Putin poderá estar assim confiante de que a Europa poderá não conseguir enfrentar o próximo inverno, ao mesmo tempo que a Rússia pode conseguir dar a volta à crise e aos últimos desaires que tem sofrido na guerra, perante os avanços dos ucranianos. Como avança o Telegraph, mesmo com o Nord Stream encerrado, o preço do gás diminuiu nos últimos quatro dias, mas a situação mudou assim que foram detetadas fugas nos gasodutos, tendo o valor aumentado imediatamente 12%. E, importa relembrar, a Europa e os Estados Unidos já anunciaram que as sanções à Rússia além de se manterem, devem aumentar significativamente, como foi revelado na última reunião de ministros à margem da cimeira da ONU, sobretudo se o Kremlin anexar os territórios ocupados na sequência dos referendos em curso.
Há ainda outro pormenor que coloca estas três fugas num possível plano estratégico russo.

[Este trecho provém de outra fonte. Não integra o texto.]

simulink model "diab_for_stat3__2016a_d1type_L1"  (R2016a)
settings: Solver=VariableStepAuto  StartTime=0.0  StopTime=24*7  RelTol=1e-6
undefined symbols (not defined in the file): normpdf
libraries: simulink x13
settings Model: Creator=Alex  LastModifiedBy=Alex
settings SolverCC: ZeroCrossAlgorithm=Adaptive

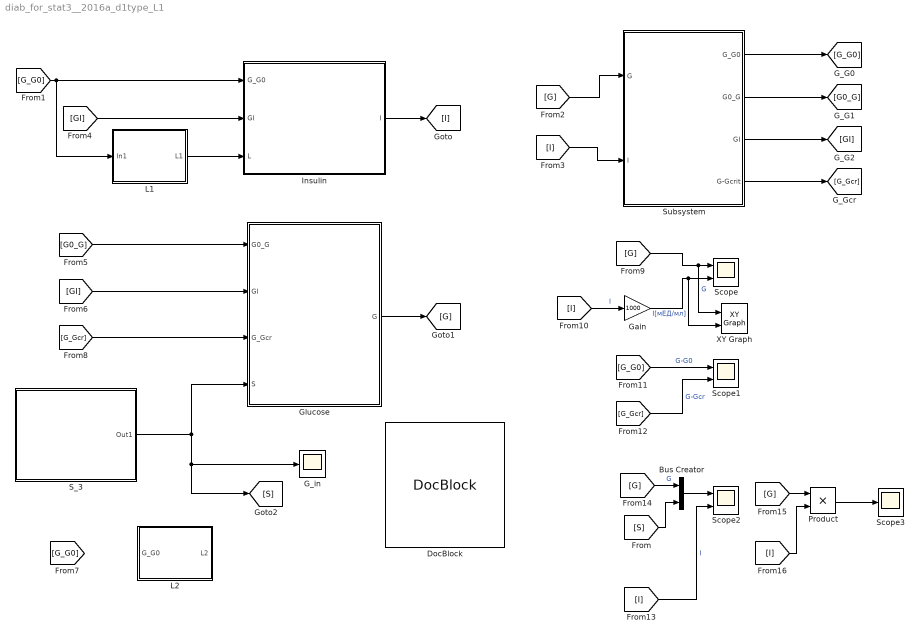
== system diab_for_stat3__2016a_d1type_L1 ==
  Bus Creator : BusCreator  Inputs=2
  DocBlock : simulink/Model-Wide Utilities/DocBlock  DocumentType=Text
      content=|
      | Моделируется диабет первого типа
      |
      | Организм пациента продуцирует инсулин в меньшем, чем требуется количестве
      | при этом инсулин "нормального качества", то есть элиминирует глюкозу нормальным
      | образом
      |
      | Моделируется снижением коэффициента альфа в 5 раз,
      | уровень глюкозы (норма) - 6.4,
      | уровень элиминации глюкозы почками - 14
      |
      | Подключена система управления с пропорциональной уровню глюкозы подачей
      | инсулина (система L1)
  G_in : Scope
  Gain : Gain  Gain=1000
  Glucose : Subsystem
  Insulin : Subsystem
  L1 : Subsystem
  "L2 " : Subsystem
  Product : Product
  S_3 : Subsystem
  Scope : Scope  NumInputPorts=2
  Scope1 : Scope  NumInputPorts=2
  Scope2 : Scope  NumInputPorts=2
  Scope3 : Scope
  Subsystem : Subsystem
  XY Graph : simulink/Sinks/XY Graph  xmin=2  xmax=12  ymin=-1  ymax=150  st=-1
  wires:
  [I] -> Gain/1  "I"
  [G] -> XY Graph/1, Scope/1  "G"
  [G_G0] -> Scope1/1  "G-G0"
  [G_Gcr] -> Scope1/2  "G-Gcr"
  [G] -> Subsystem/1(G)
  [I] -> Subsystem/2(I)
  Subsystem/1(G_G0) -> [G_G0]
  Subsystem/2(G0_G) -> [G0_G]
  Subsystem/3(GI) -> [GI]
  Subsystem/4(G-Gcrit) -> [G_Gcr]
  [G_G0] -> L1/1(In1), Insulin/1(G_G0)
  [GI] -> Insulin/2(GI)
  Insulin/1(I) -> [I]
  [G0_G] -> Glucose/1(G0_G)
  [GI] -> Glucose/2(GI)
  [G_Gcr] -> Glucose/3(G_Gcr)
  S_3/1(Out1) -> Glucose/4(S), [S], G_in/1
  Glucose/1(G) -> [G]
  L1/1(L1) -> Insulin/3(L)
  [I] -> Scope2/2  "I"
  [G] -> Bus Creator/1  "G"
  [S] -> Bus Creator/2
  Bus Creator/1 -> Scope2/1
  [G] -> Product/1
  [I] -> Product/2
  Product/1 -> Scope3/1
  Gain/1 -> XY Graph/2, Scope/2  "I[мЕД/мл]"

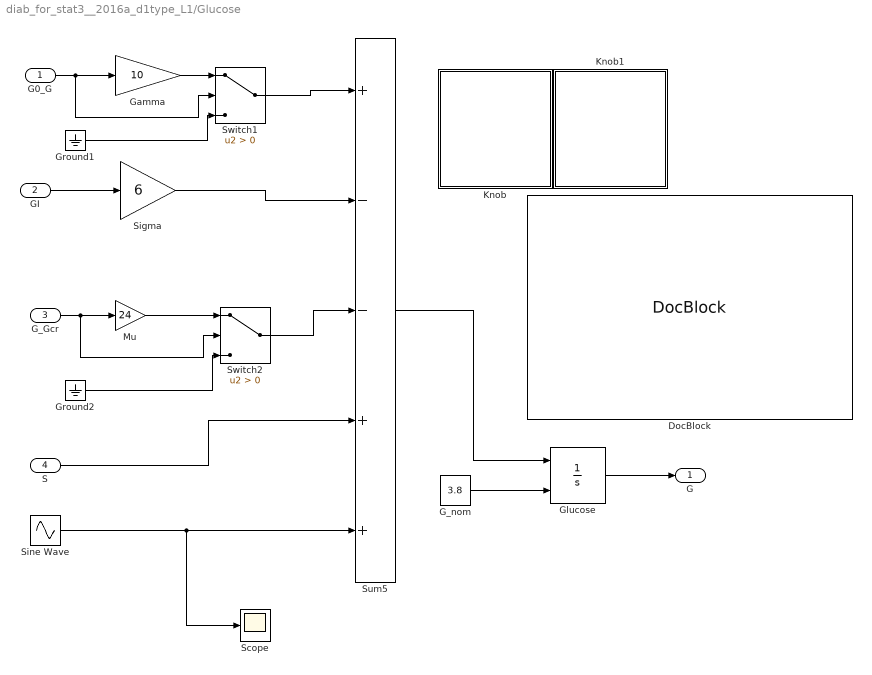
== system diab_for_stat3__2016a_d1type_L1/Glucose ==
  G0_G : Inport
  GI : Inport  Port=2
  G_Gcr : Inport  Port=3
  S : Inport  Port=4
  DocBlock : simulink/Model-Wide Utilities/DocBlock  DocumentType=Text
      content=|
      | Моделируется уровень концентрации глюкозы
      |
      | Глюкоза поступает из организма, если ее уровень ниже номинального G0
      | Реализована функция Хэвисайда на управляемом переключателе
      | Управляющий сигнал - G0-G, он положителен, если уровень глюкозы мал
      | Ситуация может возникнуть, например, при выбросе адреналина,
      | в модели, в том числе,  играет роль страховки от нефизичных результатов
      | с отрицательными концентрациями глюкозы
      |
      | Глюкоза элиминируется пропорционально концентрациям G и I как произведения
      | с коэффициентом Sigma
      |
      | Глюкоза элиминируется с мочой почками при превышении критического уровня
      | G-Gcrit>0 с коэффициентом Mu. Помимо прочего, включена в модель для
      | контроля концентрации глюкозы "сверху"
      |
      | Вход S моделирует экзогенное поступление глюкозы. Моделируется через функцию
      | нормального распределения. Математическое ожидание - время максимальной
      | онцентрации глюкозы, стандартное отклонение (плюс-минус 2 сигма - не путать
      | с коэффициентом сигма системы ДУ) - общее время поступления глюкозы.
      |
      | Глюкоза задается концентрацией, поэтому за 1 поступление всегда будет
      | получено 1, а общее количество полученной глюкозы (в концентрации)
      | задается параметром величины - константы, на которую домножается функция
      | нормального распределения (см. комментарий к блоку).
      |
      | Синусоида моделирует суточные колебания уровня глюкозы (утром выше, чем днем.
      | Включено с прицелом на модификацию модели.
  G_nom : Constant  Value=3.8
  Gamma : Gain  Gain=10
  Glucose : Integrator  InitialConditionSource=external
  Ground1 : Ground
  Ground2 : Ground
  Knob : Subsystem  DialogController=hmiCreateDDGDialog  IsWebBlock=on  mask(MWDashboardBlock){webBlockId=72e3f933-df98-437f-99fb-e333308aeccf, webBlockType=continuousknob, ShowInLibBrowser=on, ShowInitialText=on, HMISrcModelName=diab_for_stat3__2016a_d1type_L1}
      mask prompts: webBlockId "WebBlock Id"; webBlockType "WebBlock Type"; HMISrcModelName "Source Model"
      mask Help: helpview([docroot '/mapfiles/simulink.map'], 'hmi_knob')
      mask Display:
      | if strcmp(get_param(bdroot(gcb),'BlockDiagramType'), 'library')
      |     image([(matlabroot) '/toolbox/simulink/hmi/icons/ContinuousKnob.png']);
      | end
  Knob1 : Subsystem  DialogController=hmiCreateDDGDialog  IsWebBlock=on  mask(MWDashboardBlock){webBlockId=069f1754-ba14-4630-9e25-2dd9c45df99b, webBlockType=continuousknob, ShowInLibBrowser=on, ShowInitialText=on, HMISrcModelName=diab_for_stat3__2016a_d1type_L1}
      mask prompts: webBlockId "WebBlock Id"; webBlockType "WebBlock Type"; HMISrcModelName "Source Model"
      mask Help: helpview([docroot '/mapfiles/simulink.map'], 'hmi_knob')
      mask Display:
      | if strcmp(get_param(bdroot(gcb),'BlockDiagramType'), 'library')
      |     image([(matlabroot) '/toolbox/simulink/hmi/icons/ContinuousKnob.png']);
      | end
  Mu : Gain  Gain=24
  Scope : Scope
  Sigma : Gain  Gain=6
  Sine Wave : Sin  Amplitude=0.6  Frequency=2*pi/24  Phase=-0.4  SampleTime=0
  Sum5 : Sum  Inputs=+--++
  Switch1 : Switch  Criteria=u2 > Threshold
  Switch2 : Switch  Criteria=u2 > Threshold
  G : Outport
  wires:
  Ground1/1 -> Switch1/3
  Gamma/1 -> Switch1/1
  G_Gcr/1 -> Switch2/2, Mu/1
  G_nom/1 -> Glucose/2
  Mu/1 -> Switch2/1
  Switch2/1 -> Sum5/3
  Ground2/1 -> Switch2/3
  Switch1/1 -> Sum5/1
  G0_G/1 -> Switch1/2, Gamma/1
  Sum5/1 -> Glucose/1
  Glucose/1 -> G/1
  GI/1 -> Sigma/1
  Sigma/1 -> Sum5/2
  S/1 -> Sum5/4
  Sine Wave/1 -> Scope/1, Sum5/5

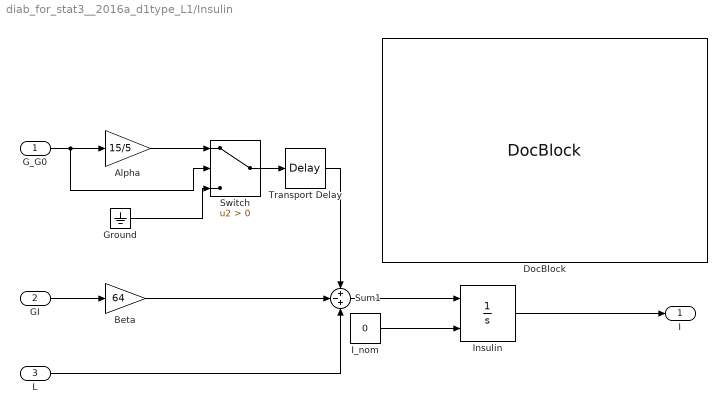
== system diab_for_stat3__2016a_d1type_L1/Insulin ==
  G_G0 : Inport
  GI : Inport  Port=2
  L : Inport  Port=3
  Alpha : Gain  Gain=15/5
  Beta : Gain  Gain=64
  DocBlock : simulink/Model-Wide Utilities/DocBlock  DocumentType=Text
      content=|
      | Блок, описывающий генерацию и элиминацию инсулина.
      | Рассматриватеся только активный инсулин
      | Инсулин вырабатывается при превышении концентрации глюкозы выше ее номинального
      | уровня G0 (вход G-G0)
      | Для этого реализована функция Хэвисайда через выключатель
      |
      | При положительном сигнале G-G0 вырабатывается инсулин пропорционально
      | указанному сигналу с коэффициентом Alfa
      | имеется возможность задать время задержки генерации инсулина по отношению
      | ко времени превышения номинального уровня
      |
      | Инсулин элиминируется с коэффициентом Beta, пропорционально произведению
      | концентраций G и I
      |
      | Вход L предназначен для моделирования подачи инсулина, например -
      | инсулиновой помпой или иначе
  Ground : Ground
  I_nom : Constant  Value=0
  Insulin : Integrator  InitialConditionSource=external
  Sum1 : Sum  Inputs=+-+
  Switch : Switch  Criteria=u2 > Threshold
  Transport Delay : TransportDelay  DelayTime=8/60
  I : Outport
  wires:
  I_nom/1 -> Insulin/2
  Beta/1 -> Sum1/2
  Alpha/1 -> Switch/1
  Sum1/1 -> Insulin/1
  Ground/1 -> Switch/3
  G_G0/1 -> Switch/2, Alpha/1
  GI/1 -> Beta/1
  Switch/1 -> Transport Delay/1
  L/1 -> Sum1/3
  Transport Delay/1 -> Sum1/1
  Insulin/1 -> I/1

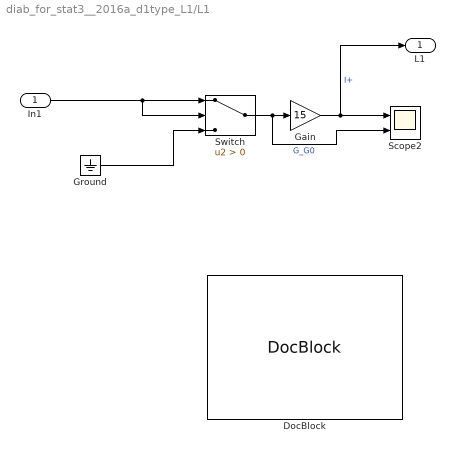
== system diab_for_stat3__2016a_d1type_L1/L1 ==
  In1 : Inport
  DocBlock : simulink/Model-Wide Utilities/DocBlock  DocumentType=Text
      content=|
      | Моделируется подача инсулина с переменной концентрацией
      | Концентрация определяется уровнем превышения концентрации глюкозы
      | относительно номинального G0
      | Подача включается при условии, что концентрация глюкозы превышает номинальную
      | на некоторую величину (может быть нулем, но как правило - величина,
      | большая нуля.
      | Уровень включения регулируется порогом управляемого выключателя, например
      | если G0 = 3.8
      | порог выключателя - 3
      | то подача инсулина произойдет при концентрации глюкозы 3.8+3=6.8
      |
      | Необходжимо согласовывать единицы измерения!!!
  Gain : Gain  Gain=15
  Ground : Ground
  Scope2 : Scope  NumInputPorts=2
  Switch : Switch  Criteria=u2 > Threshold
  L1 : Outport
  wires:
  Switch/1 -> Scope2/2, Gain/1  "G_G0"
  In1/1 -> Switch/2, Switch/1
  Gain/1 -> L1/1, Scope2/1  "I+"
  Ground/1 -> Switch/3

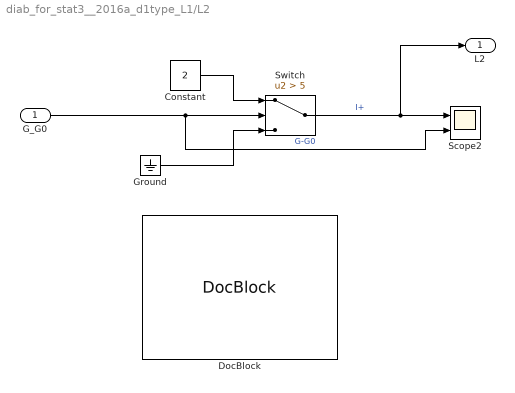
== system diab_for_stat3__2016a_d1type_L1/L2  ==
  G_G0 : Inport
  Constant : Constant  Value=2
  DocBlock : simulink/Model-Wide Utilities/DocBlock  DocumentType=Text
      content=|
      | Моделируется подача инсулина с постоянной концентрацией
      | Концентрация задана константой
      | Подача включается при условии, что концентрация глюкозы превышает номинальную
      | на некоторую величину (может быть нулем, но как правило - величина,
      | большая нуля.
      | Уровень включения регулируется порогом управляемого выключателя, например
      | если G0 = 3.8
      | порог выключателя - 3
      | то подача инсулина произойдет при концентрации глюкозы 3.8+3=6.8
      |
      | Необходжимо согласовывать единицы измерения!!!
  Ground : Ground
  Scope2 : Scope  NumInputPorts=2
  Switch : Switch  Criteria=u2 > Threshold  Threshold=5
  L2 : Outport
  wires:
  Constant/1 -> Switch/1
  Switch/1 -> L2/1, Scope2/1  "I+"
  G_G0/1 -> Switch/2, Scope2/2  "G-G0"
  Ground/1 -> Switch/3

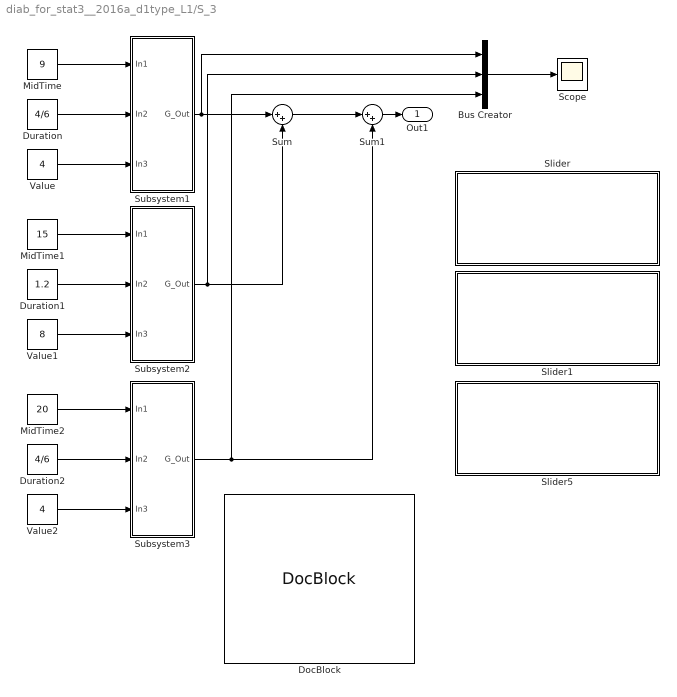
== system diab_for_stat3__2016a_d1type_L1/S_3 ==
  Bus Creator : BusCreator  Inputs=3
  DocBlock : simulink/Model-Wide Utilities/DocBlock  DocumentType=Text
      content=|
      | Модель трехкратного экзогенного поступления глюкозы
      |
      | Можно рассматривать как модуль подачи фиксированного объема глюкозы
      | в определенное время три раза в день
      |
      | Можно рассматривать как результат приема пищи и выработки глюкозы вседствие
      | этого.
      |
      | Блоки позволяют варьировать время максимальной концентрации глюкозы,
      | общее время ее подачи (исходя из того, что кривая поступления моделируется
      | кривой Гауса, причем используется правило 4 сигма.
      | Можно считать, что подача начинается за 2сигма (половину общего времени
      | подачи глюкозы)и заканчивается через 2сигма после, а концентрация подчиняется
      | закону нормального распределения.
      |
      | За это время будет подано Value глюкозы (выраженное через  концентрацию) или
      | строго говоря 95% указанной величины
      |
      | Моделируется трехразовая подача глюкозы (питание завтрак-обед-ужин)
      | Объем глюкозы задан в соотношении 1/4-1/2-1/4 соответственно.
      | Время поступления (расчетное время максимальной концентрации глюкозы)
      | 9-15-20 часов соответственно.
  Duration : Constant  Value=4/6
  Duration1 : Constant  Value=1.2
  Duration2 : Constant  Value=4/6
  MidTime : Constant  Value=9
  MidTime1 : Constant  Value=15
  MidTime2 : Constant  Value=20
  Scope : Scope
  Slider : Subsystem  DialogController=hmiCreateDDGDialog  IsWebBlock=on  mask(MWDashboardBlock){webBlockId=f1176611-fab8-43e0-a0bb-fa81c9901513, webBlockType=slider, ShowInLibBrowser=on, ShowInitialText=on, HMISrcModelName=diab_for_stat3__2016a_d1type_L1}
      mask prompts: webBlockId "WebBlock Id"; webBlockType "WebBlock Type"; HMISrcModelName "Source Model"
      mask Help: helpview([docroot '/mapfiles/simulink.map'], 'hmi_slider')
      mask Display:
      | if strcmp(get_param(bdroot(gcb),'BlockDiagramType'), 'library')
      |     image([(matlabroot) '/toolbox/simulink/hmi/icons/Slider.png']);
      | end
  Slider1 : Subsystem  DialogController=hmiCreateDDGDialog  IsWebBlock=on  mask(MWDashboardBlock){webBlockId=823537b8-b9ab-4a06-9138-fbfa3de8e097, webBlockType=slider, ShowInLibBrowser=on, ShowInitialText=on, HMISrcModelName=diab_for_stat3__2016a_d1type_L1}
      mask prompts: webBlockId "WebBlock Id"; webBlockType "WebBlock Type"; HMISrcModelName "Source Model"
      mask Help: helpview([docroot '/mapfiles/simulink.map'], 'hmi_slider')
      mask Display:
      | if strcmp(get_param(bdroot(gcb),'BlockDiagramType'), 'library')
      |     image([(matlabroot) '/toolbox/simulink/hmi/icons/Slider.png']);
      | end
  Slider5 : Subsystem  DialogController=hmiCreateDDGDialog  IsWebBlock=on  mask(MWDashboardBlock){webBlockId=00a66d36-902f-4290-86fc-c4a990b459a4, webBlockType=slider, ShowInLibBrowser=on, ShowInitialText=on, HMISrcModelName=diab_for_stat3__2016a_d1type_L1}
      mask prompts: webBlockId "WebBlock Id"; webBlockType "WebBlock Type"; HMISrcModelName "Source Model"
      mask Help: helpview([docroot '/mapfiles/simulink.map'], 'hmi_slider')
      mask Display:
      | if strcmp(get_param(bdroot(gcb),'BlockDiagramType'), 'library')
      |     image([(matlabroot) '/toolbox/simulink/hmi/icons/Slider.png']);
      | end
  Subsystem1 : Subsystem
  Subsystem2 : Subsystem
  Subsystem3 : Subsystem
  Sum : Sum  Inputs=|++
  Sum1 : Sum  Inputs=|++
  Value : Constant  Value=4
  Value1 : Constant  Value=8
  Value2 : Constant  Value=4
  Out1 : Outport
  wires:
  Value2/1 -> Subsystem3/3(In3)
  Duration2/1 -> Subsystem3/2(In2)
  MidTime2/1 -> Subsystem3/1(In1)
  Duration/1 -> Subsystem1/2(In2)
  Value/1 -> Subsystem1/3(In3)
  Subsystem1/1(G_Out) -> Bus Creator/1, Sum/1
  Subsystem2/1(G_Out) -> Bus Creator/2, Sum/2
  MidTime/1 -> Subsystem1/1(In1)
  Sum/1 -> Sum1/1
  Value1/1 -> Subsystem2/3(In3)
  MidTime1/1 -> Subsystem2/1(In1)
  Duration1/1 -> Subsystem2/2(In2)
  Sum1/1 -> Out1/1
  Bus Creator/1 -> Scope/1
  Subsystem3/1(G_Out) -> Bus Creator/3, Sum1/2

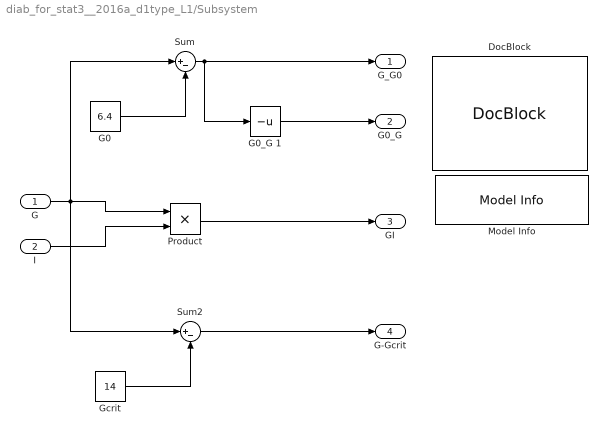
== system diab_for_stat3__2016a_d1type_L1/Subsystem ==
  G : Inport
  I : Inport  Port=2
  DocBlock : simulink/Model-Wide Utilities/DocBlock  DocumentType=Text  mask(DocBlock){}
      content=|
      | Блок устанавливает:
      | G0 - номинальный уровень глюкозы пациента
      | выше него - вырабатывается активный инсулин
      | ниже него - вырабатывается глюкоза, например - из печени
      | Gcrit - критический, выше которого происхожит элиминация глюкозы почками
      | GI - уровень концентрации глюкозы совместно с концентрацией активного инсулина
      | пропорционально этому произведению элиминируется глюкоза и инсулин
  G0 : Constant  Value=6.4
  G0_G 1 : UnaryMinus
  Gcrit : Constant  Value=14
  Model Info : simulink/Model-Wide Utilities/Model Info  Frame=on  DisplayStringWithTags=|  HorizontalTextAlignment=Center  LeftAlignmentValue=0.5  SourceBlockDiagram=diab_for_stat3__2016a_d1type_L1  TagMaxNumber=20
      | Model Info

Esta semana é apontada para a inauguração de um novo gasoduto, que faz a ligação entre a Noruega e a Polónia, numa tentativa de diminuir a dependência energética da Rússia e preparar a redução do impacto para o próximo inverno.
Ucrânia fala em “ato de agressão à União Europeia”
Além da Dinamarca e da Suécia, também a Alemanha diz suspeitar de sabotagem. Já o conselheiro de Volodomyr Zelensky, Mykhailo Podolyak, disse que o que aconteceu é “um ataque terrorista planeado pela Rússia e um ato de agressão à União Europeia”. “A Rússia quer desestabilizar a situação económica na Europa e causar o pânico pré-inverno”, acrescentou o assessor do presidente ucraniano numa publicação feita no Twitter.
"Gas leak" from NS-1 is nothing more that a terrorist attack planned by Russia and an act of aggression towards EU. ???????? wants to destabilize economic situation in Europe and cause pre-winter panic. The best response and security investment — tanks for ????????. Especially German ones…
— Михайло Подоляк (@Podolyak_M) September 27, 2022
E como se não bastasse, a revista alemã Der Spiegel, avança que a CIA terá alertado a Alemanha para esta possibilidade, de ataques russos aos gasodutos, há uma semana.
CIA warned Germany weeks ago of coming attack on natural gas pipelines Nord Stream I & II (from Russia to Germany), reports Der Spiegel.